### Action item:
What are the lines from the top of the entries through the one with "line L3 (-16, 21.15) -> (-16, -21.15)"? Write them out exactly, with no pictures.

Data items:
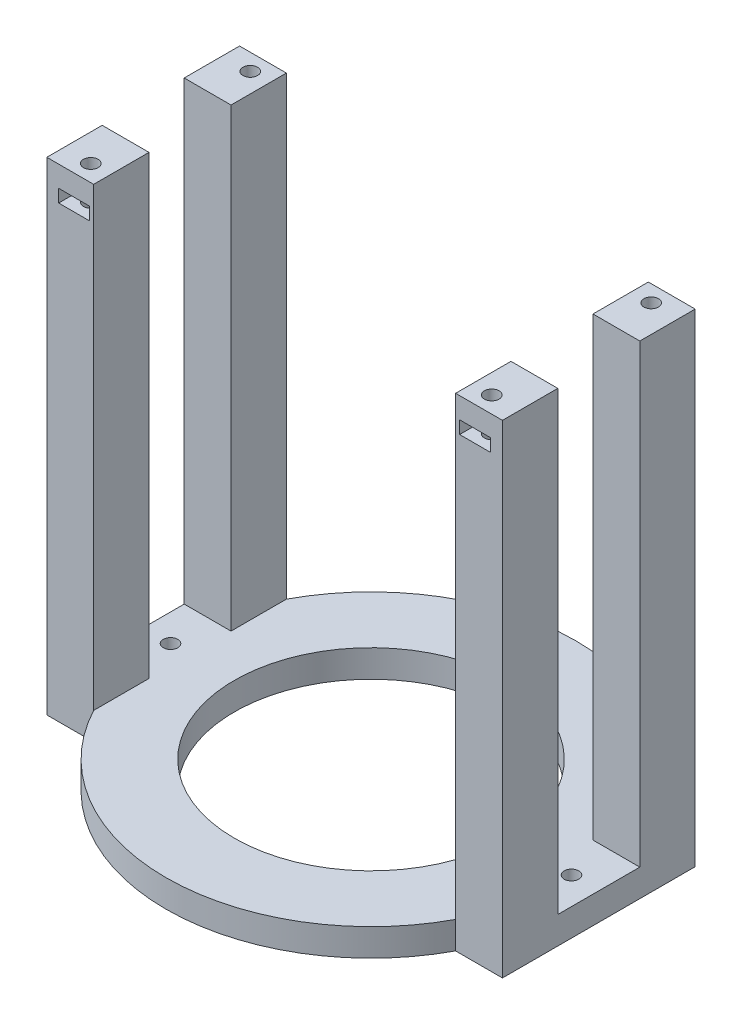
SolidWorks part; units mm, degrees
ref_plane "Front Plane" through (0, 0, 0) normal (0, 0, 1) x (1, 0, 0)
ref_plane "Top Plane" through (0, 0, 0) normal (0, 1, 0) x (1, 0, 0)
ref_plane "Right Plane" through (0, 0, 0) normal (1, 0, 0) x (0, 0, -1)
sketch "Sketch1" plane through (0, 0, 0) normal (0, 1, 0) x (1, 0, 0)
  line L0 (33, 0) -> (-33, 0) construction
  line L2 (-16, 21.15) -> (-50, 21.15)
  line L3 (-16, 21.15) -> (-16, -21.15)
  line L4 (-16, -21.15) -> (-50, -21.15)
  line L5 (-50, 21.15) -> (-50, -21.15)
  line L6 (-16, 21.15) -> (-50, -21.15) construction
  line L7 (-16, -21.15) -> (-50, 21.15) construction
  line L8 (16, 21.15) -> (50, 21.15)
  line L9 (16, 21.15) -> (16, -21.15)
  line L10 (16, -21.15) -> (50, -21.15)
  line L11 (50, 21.15) -> (50, -21.15)
  line L12 (16, 21.15) -> (50, -21.15) construction
  line L13 (16, -21.15) -> (50, 21.15) construction
  circle A0 centre (0, 0) radius 45
  point P6 (0, 0)
  dimension "D1" = 90
  dimension "D2" = 66
  dimension "D3" = 42.3
  dimension "D4" = 42.3
  dimension "D5" = 34
  dimension "D6" = 34
extrude "body" add sketch "Sketch1" along normal blind 6 contours A0 L2 L5 L4 | L2 A0 L4 L3 | L8 A0 L2 L3 L4 L10 L9 | L10 A0 L8 L9 | A0 L10 L11 L8 region at (-29.6863, 0, 0) region at (0, 0, 0) region at (-46.4607, 0, 0) region at (29.6863, 0, 0) region at (46.4607, 0, 0)
sketch "Sketch2" plane through (0, 6, 0) normal (0, 1, 0) x (1, 0, 0)
  line L1 (-50, 21.15) -> (-39.72, 21.15)
  line L2 (-50, 21.15) -> (-50, -21.15)
  line L3 (-50, -21.15) -> (-39.72, -21.15)
  line L4 (-39.72, 21.15) -> (-39.72, -21.15)
  line L5 (50, 21.15) -> (39.72, 21.15)
  line L6 (50, 21.15) -> (50, -21.15)
  line L7 (50, -21.15) -> (39.72, -21.15)
  line L8 (39.72, 21.15) -> (39.72, -21.15)
  line M6 (39.72, -21.15) -> (50, -21.15)
  line M7 (50, -21.15) -> (50, 21.15)
  line M8 (50, 21.15) -> (39.72, 21.15)
extrude "wings" add sketch "Sketch2" along normal blind 100 contours L8 M8 M6 M7 | L2 L1 L4 L3 region at (44.86, 6, 0)
sketch "Sketch3" plane through (0, 106, 0) normal (0, 1, 0) x (1, 0, 0)
  line L0 (44, 0) -> (-44, 0) construction
  line L1 (44, -17.5) -> (44, 17.5) construction
  line L2 (-44, -17.5) -> (-44, 17.5) construction
  circle A0 centre (44, -17.5) radius 1.6
  circle A1 centre (-44, -17.5) radius 1.6
  circle A2 centre (-44, 17.5) radius 1.6
  circle A3 centre (44, 17.5) radius 1.6
  point P4 (0, 0)
  point P8 (44, 0)
  point P11 (-44, 0)
  dimension "D4" = 3.2
  dimension "D5" = 3.2
  dimension "D6" = 3.2
  dimension "D7" = 3.2
  dimension "D1" = 88
  dimension "D2" = 35
  dimension "D3" = 35
extrude "mounting-bore" cut sketch "Sketch3" against normal through all
sketch "Sketch5" plane through (50, 0, 0) normal (1, 0, 0) x (0, 0, -1)
  line L0 (0, 0) -> (0, 6)
  line L1 (21.15, 0) -> (-21.15, 0) construction
  line L2 (9, 6) -> (-9, 6)
  line L3 (9, 6) -> (-9, 6)
  line L4 (9, 6) -> (9, 106)
  line L5 (-9, 6) -> (-9, 106)
  line L6 (9, 106) -> (-9, 106)
  point P7 (0, 6)
  line M9 (21.15, 106) -> (-21.15, 106)
  dimension "D1" = 6
  dimension "D2" = 18
  dimension "D3" = 100
extrude "cut-excess-material" cut sketch "Sketch5" against normal through all contours L5 L2 L4 M9 region at (50, 56, 0)
sketch "Sketch6" plane through (0, 0, 0) normal (0, -1, 0) x (1, 0, 0)
  line L0 (-44, 0) -> (44, 0)
  circle A0 centre (-44, 0) radius 1.6
  circle A1 centre (44, 0) radius 1.6
  point P4 (0, 0)
  dimension "D2" = 3.2
  dimension "D3" = 3.2
  dimension "D1" = 88
extrude "cut-harness-mount" cut sketch "Sketch6" against normal up to next contours A0 | A1 region at (44, 0, 1.5547) region at (-45.5547, 0, 0)
sketch "Sketch8" plane through (0, 0, 21.15) normal (0, 0, 1) x (1, 0, 0)
  line L0 (39.72, 106) -> (44, 106)
  line L1 (39.72, 106) -> (50, 106) construction
  line L2 (44, 106) -> (44, 100)
  line L4 (40.6, 101.4) -> (47.4, 101.4)
  line L5 (40.6, 101.4) -> (40.6, 98.6)
  line L6 (40.6, 98.6) -> (47.4, 98.6)
  line L7 (47.4, 101.4) -> (47.4, 98.6)
  line L8 (40.6, 101.4) -> (47.4, 98.6) construction
  line L9 (40.6, 98.6) -> (47.4, 101.4) construction
  dimension "D1" = 4.28
  dimension "D2" = 6
  dimension "D3" = 6.8
  dimension "D4" = 2.8
extrude "capture-nut-1" cut sketch "Sketch8" against normal blind 7.3 contours L5 L4 L7 L6
pattern_circular "CirPattern1" count 2 over 360 about axis through (0, 6, 0) along (0, 1, 0) of "capture-nut-1"
sketch "Sketch10" plane through (0, 0, -21.15) normal (0, 0, -1) x (-1, 0, 0)
  line L0 (-39.72, 106) -> (-44, 106)
  line L1 (-50, 106) -> (-39.72, 106) construction
  line L2 (-44, 106) -> (-44, 100)
  line L4 (-47.4, 101.4) -> (-40.6, 101.4)
  line L5 (-47.4, 101.4) -> (-47.4, 98.6)
  line L6 (-47.4, 98.6) -> (-40.6, 98.6)
  line L7 (-40.6, 101.4) -> (-40.6, 98.6)
  line L8 (-47.4, 101.4) -> (-40.6, 98.6) construction
  line L9 (-47.4, 98.6) -> (-40.6, 101.4) construction
  dimension "D1" = 4.28
  dimension "D2" = 6
  dimension "D3" = 6.8
  dimension "D4" = 2.8
extrude "capture-nut-2" cut sketch "Sketch10" against normal blind 7.3 contours L7 L4 L5 L6 region at (45.7, 101.3265, -21.15)
pattern_circular "CirPattern2" count 2 over 360 about axis through (0, 6, 0) along (0, 1, 0) of "capture-nut-2"
sketch "Sketch11" plane through (0, 0, 0) normal (0, -1, 0) x (1, 0, 0)
  circle A0 centre (0, 0) radius 30
  dimension "D1" = 60
extrude "Cut-Extrude5" cut sketch "Sketch11" against normal up to next
equation "\"th\"= 6mm"
equation "\"D1@body\"=\"th\""
equation "\"wing\"= 100mm"
equation "\"D1@wings\"=\"wing\""
equation "\"D1@Sketch5\"=\"th\""
equation "\"D3@Sketch5\"=\"wing\""
equation "\"capture_nut_depth\"= 7.3mm"
equation "\"capture_nut_height\"= 2.8mm"
equation "\"capture_nut_width\"= 6.8mm"
equation "\"D3@Sketch8\"=\"capture_nut_width\""
equation "\"D4@Sketch8\"=\"capture_nut_height\""
equation "\"D1@capture-nut-1\" = \"capture_nut_depth\""
equation "\"D3@Sketch10\"=\"capture_nut_width\""
equation "\"D4@Sketch10\"=\"capture_nut_height\""
equation "\"D1@capture-nut-2\" = \"capture_nut_depth\""
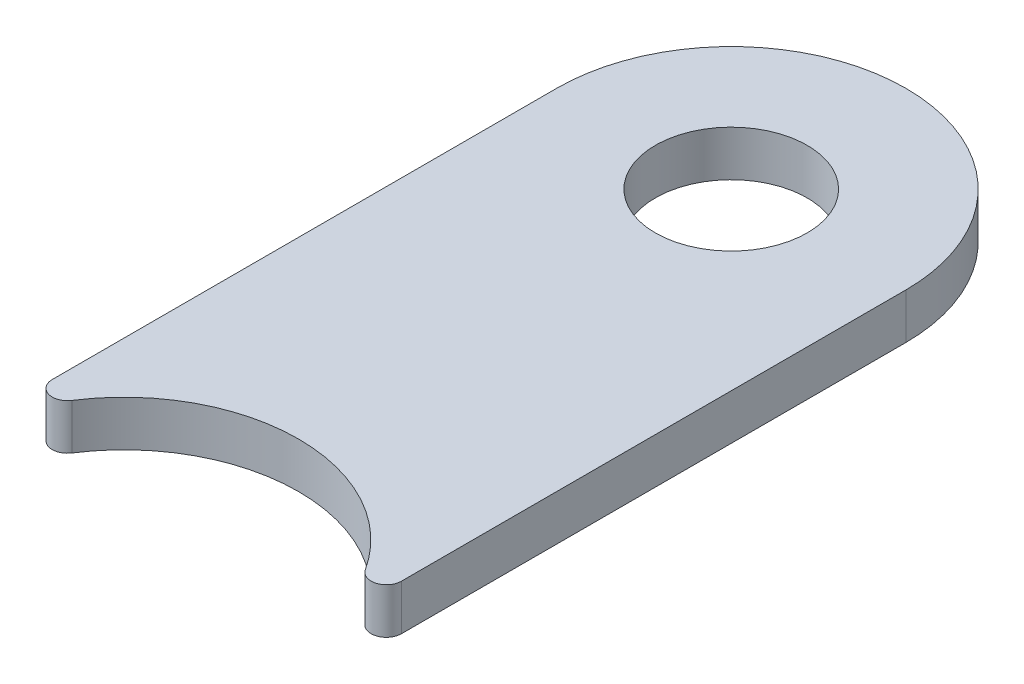
SolidWorks part; units mm, degrees
ref_plane "Front Plane" through (0, 0, 0) normal (0, 0, 1) x (1, 0, 0)
ref_plane "Top Plane" through (0, 0, 0) normal (0, 1, 0) x (1, 0, 0)
ref_plane "Right Plane" through (0, 0, 0) normal (1, 0, 0) x (0, 0, -1)
sketch "Sketch1" plane through (0, 0, 0) normal (0, 1, 0) x (1, 0, 0)
  line L0 (-11.5, 40) -> (-11.5, 0)
  line L1 (11.5, 40) -> (11.5, 0)
  line L2 (-11.5, 0) -> (11.5, 0)
  circle A0 centre (0, 0) radius 11.5
  circle A1 centre (0, 40) radius 11.5
  circle A2 centre (0, 40) radius 5
  dimension "D1" = 10
  dimension "D2" = 23
  dimension "D3" = 40
extrude "Boss-Extrude1" add sketch "Sketch1" along normal blind 3 contours A1 L0 A0 L1 | A1 A2 region at (0, 0, -20) region at (0, 0, -51.1747)
fillet "Fillet1" radius 1 2 edges at (-11.5, 1.5, 0) (11.5, 1.5, 0)
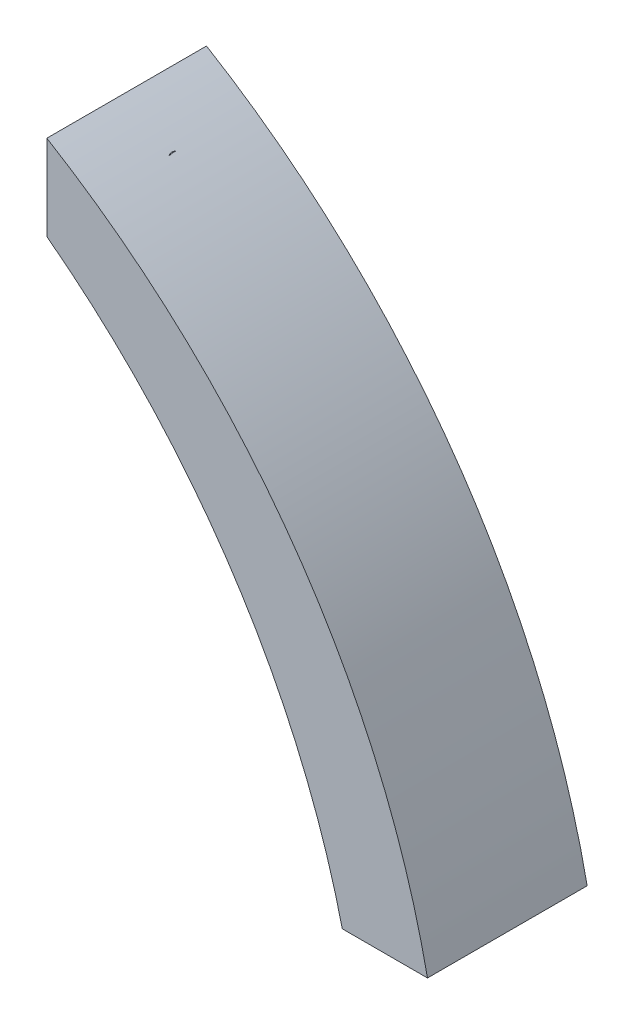
SolidWorks part; units mm, degrees
ref_plane "Front Plane" through (0, 0, 0) normal (0, 0, 1) x (1, 0, 0)
ref_plane "Top Plane" through (0, 0, 0) normal (0, 1, 0) x (1, 0, 0)
ref_plane "Right Plane" through (0, 0, 0) normal (1, 0, 0) x (0, 0, -1)
sketch "Sketch1" plane through (0, 0, 0) normal (0, 0, 1) x (1, 0, 0)
  line L0 (-19.3667, 31.4221) -> (-19.3667, 23.4221)
  line L2 (8.3902, -19.0168) -> (16.3902, -19.0168)
  arc A0 (-19.3667, 23.4221) -> (8.3902, -19.0168) centre (-64.5596, -36.4327) cw
  arc A1 (-19.3667, 31.4221) -> (16.3902, -19.0168) centre (-59.02, -34.5826) cw
  point P2 (-19.3667, 23.4221)
  point P4 (16.3902, -19.0168)
  point P6 (8.3902, -19.0168)
  dimension "D1" = 75
  dimension "D3" = 77
  dimension "D2" = 8
  dimension "D5" = 8
extrude "Boss-Extrude1" add sketch "Sketch1" along normal blind 15
sketch "Sketch4" plane through (-19.3667, 0, 0) normal (-1, 0, 0) x (0, 0, 1)
  point P0 (7.5, 27.4221)
hole_wizard "M3 Tapped Hole1" positions "3DSketch2" profile "Sketch5" tap size "M3" standard "AS"
sketch3d "3DSketch2"
  point P0 (-19.3667, 27.4221, 7.5)
cosmetic thread "Hole Thread1"
sketch "Sketch5" plane through (-19.3667, 27.4221, 7.5) normal (0, 1, 0) x (0, 0, 1)
  line L0 (0, 0) -> (0, 4.9511)
  line L1 (0, 4.9511) -> (1.25, 4.2)
  line L2 (1.25, 4.2) -> (1.25, 0.275)
  line L3 (1.25, 0.275) -> (1.525, 0)
  line L5 (1.525, 0) -> (0, 0)
  line L6 (-1.25, 0.275) -> (-1.525, 0) construction
  line L10 (0, 4.9511) -> (-1.25, 4.2) construction
  line L11 (0, -6.35) -> (0, 107.95) construction
  dimension "Tap Drill Dia." = 2.5
  dimension "Tap Drill Depth" = 4.2
  dimension "Near C'Sink Dia." = 3.05
  dimension "Near C'Sink Angle" = 90
  dimension "Drill Angle" = 118
thread "Thread1" pitch 0.5 method extrude profile "Thread Profile1" start angle 0, offset 0, length 4, pitch 0.5, diameter 2.5
ref_plane "Plane1" through (-19.0917, 27.4221, 6.25) normal (0, -1, 0) x (0, 0, -1)
sketch "Thread Profile1" plane through (-19.0917, 27.4221, 6.25) normal (0, -1, 0) x (0, 0, -1)
  line L0 (0, 0) -> (0, 0.5) construction
  line L11 (0, 0) -> (0, 0.4375)
  line L12 (0, 0.4375) -> (-0.2706, 0.2812)
  line L13 (-0.2706, 0.2812) -> (-0.2706, 0.1562)
  line L15 (-0.2706, 0.1562) -> (0, 0)
  line L17 (-0.2706, 0.2187) -> (0, 0.2187) construction
  point P2 (0, 0)
  dimension "Pitch" = 0.5
  dimension "Profile_Angle" = 60
  dimension "Profile_Land" = 0.125
  dimension "Profile_Height" = 0.2706
sketch "Sketch19" plane through (0, -19.0168, 0) normal (0, -1, 0) x (1, 0, 0)
  point P0 (12.3902, 7.5)
hole_wizard "M3 Tapped Hole2" positions "3DSketch3" profile "Sketch20" tap size "M3" standard "AS"
sketch3d "3DSketch3"
  point P0 (12.3902, -19.0168, 7.5)
sketch "Sketch20" plane through (12.3902, -19.0168, 7.5) normal (1, 0, 0) x (0, 0, -1)
  line L0 (0, 0) -> (0, 5.2511)
  line L1 (0, 5.2511) -> (1.25, 4.5)
  line L2 (1.25, 4.5) -> (1.25, 0.275)
  line L3 (1.25, 0.275) -> (1.525, 0)
  line L5 (1.525, 0) -> (0, 0)
  line L6 (-1.25, 0.275) -> (-1.525, 0) construction
  line L10 (0, 5.2511) -> (-1.25, 4.5) construction
  line L11 (0, -6.35) -> (0, 107.95) construction
  dimension "Tap Drill Dia." = 2.5
  dimension "Tap Drill Depth" = 4.5
  dimension "Near C'Sink Dia." = 3.05
  dimension "Near C'Sink Angle" = 90
  dimension "Drill Angle" = 118
cosmetic thread "Hole Thread2"
thread "Thread2" pitch 0.5 method extrude profile "Thread Profile2" start angle 0, offset 0, length 4, pitch 0.5, diameter 2.5
ref_plane "Plane2" through (13.6402, -18.7418, 7.5) normal (0, 0, 1) x (1, 0, 0)
sketch "Thread Profile2" plane through (13.6402, -18.7418, 7.5) normal (0, 0, 1) x (1, 0, 0)
  line L0 (0, 0) -> (0, 0.5) construction
  line L11 (0, 0) -> (0, 0.4375)
  line L12 (0, 0.4375) -> (-0.2706, 0.2812)
  line L13 (-0.2706, 0.2812) -> (-0.2706, 0.1562)
  line L15 (-0.2706, 0.1562) -> (0, 0)
  line L17 (-0.2706, 0.2187) -> (0, 0.2187) construction
  point P2 (0, 0)
  dimension "Pitch" = 0.5
  dimension "Profile_Angle" = 60
  dimension "Profile_Land" = 0.125
  dimension "Profile_Height" = 0.2706
equation "\"4.2.00mm\"=10"

### Exercise result:
SolidWorks part; units mm, degrees
ref_plane "Front Plane" through (0, 0, 0) normal (0, 0, 1) x (1, 0, 0)
ref_plane "Top Plane" through (0, 0, 0) normal (0, 1, 0) x (1, 0, 0)
ref_plane "Right Plane" through (0, 0, 0) normal (1, 0, 0) x (0, 0, -1)
sketch "Sketch1" plane through (0, 0, 0) normal (0, 1, 0) x (1, 0, 0)
  line L0 (33, 0) -> (-33, 0) construction
  line L2 (-16, 21.15) -> (-50, 21.15)
  line L3 (-16, 21.15) -> (-16, -21.15)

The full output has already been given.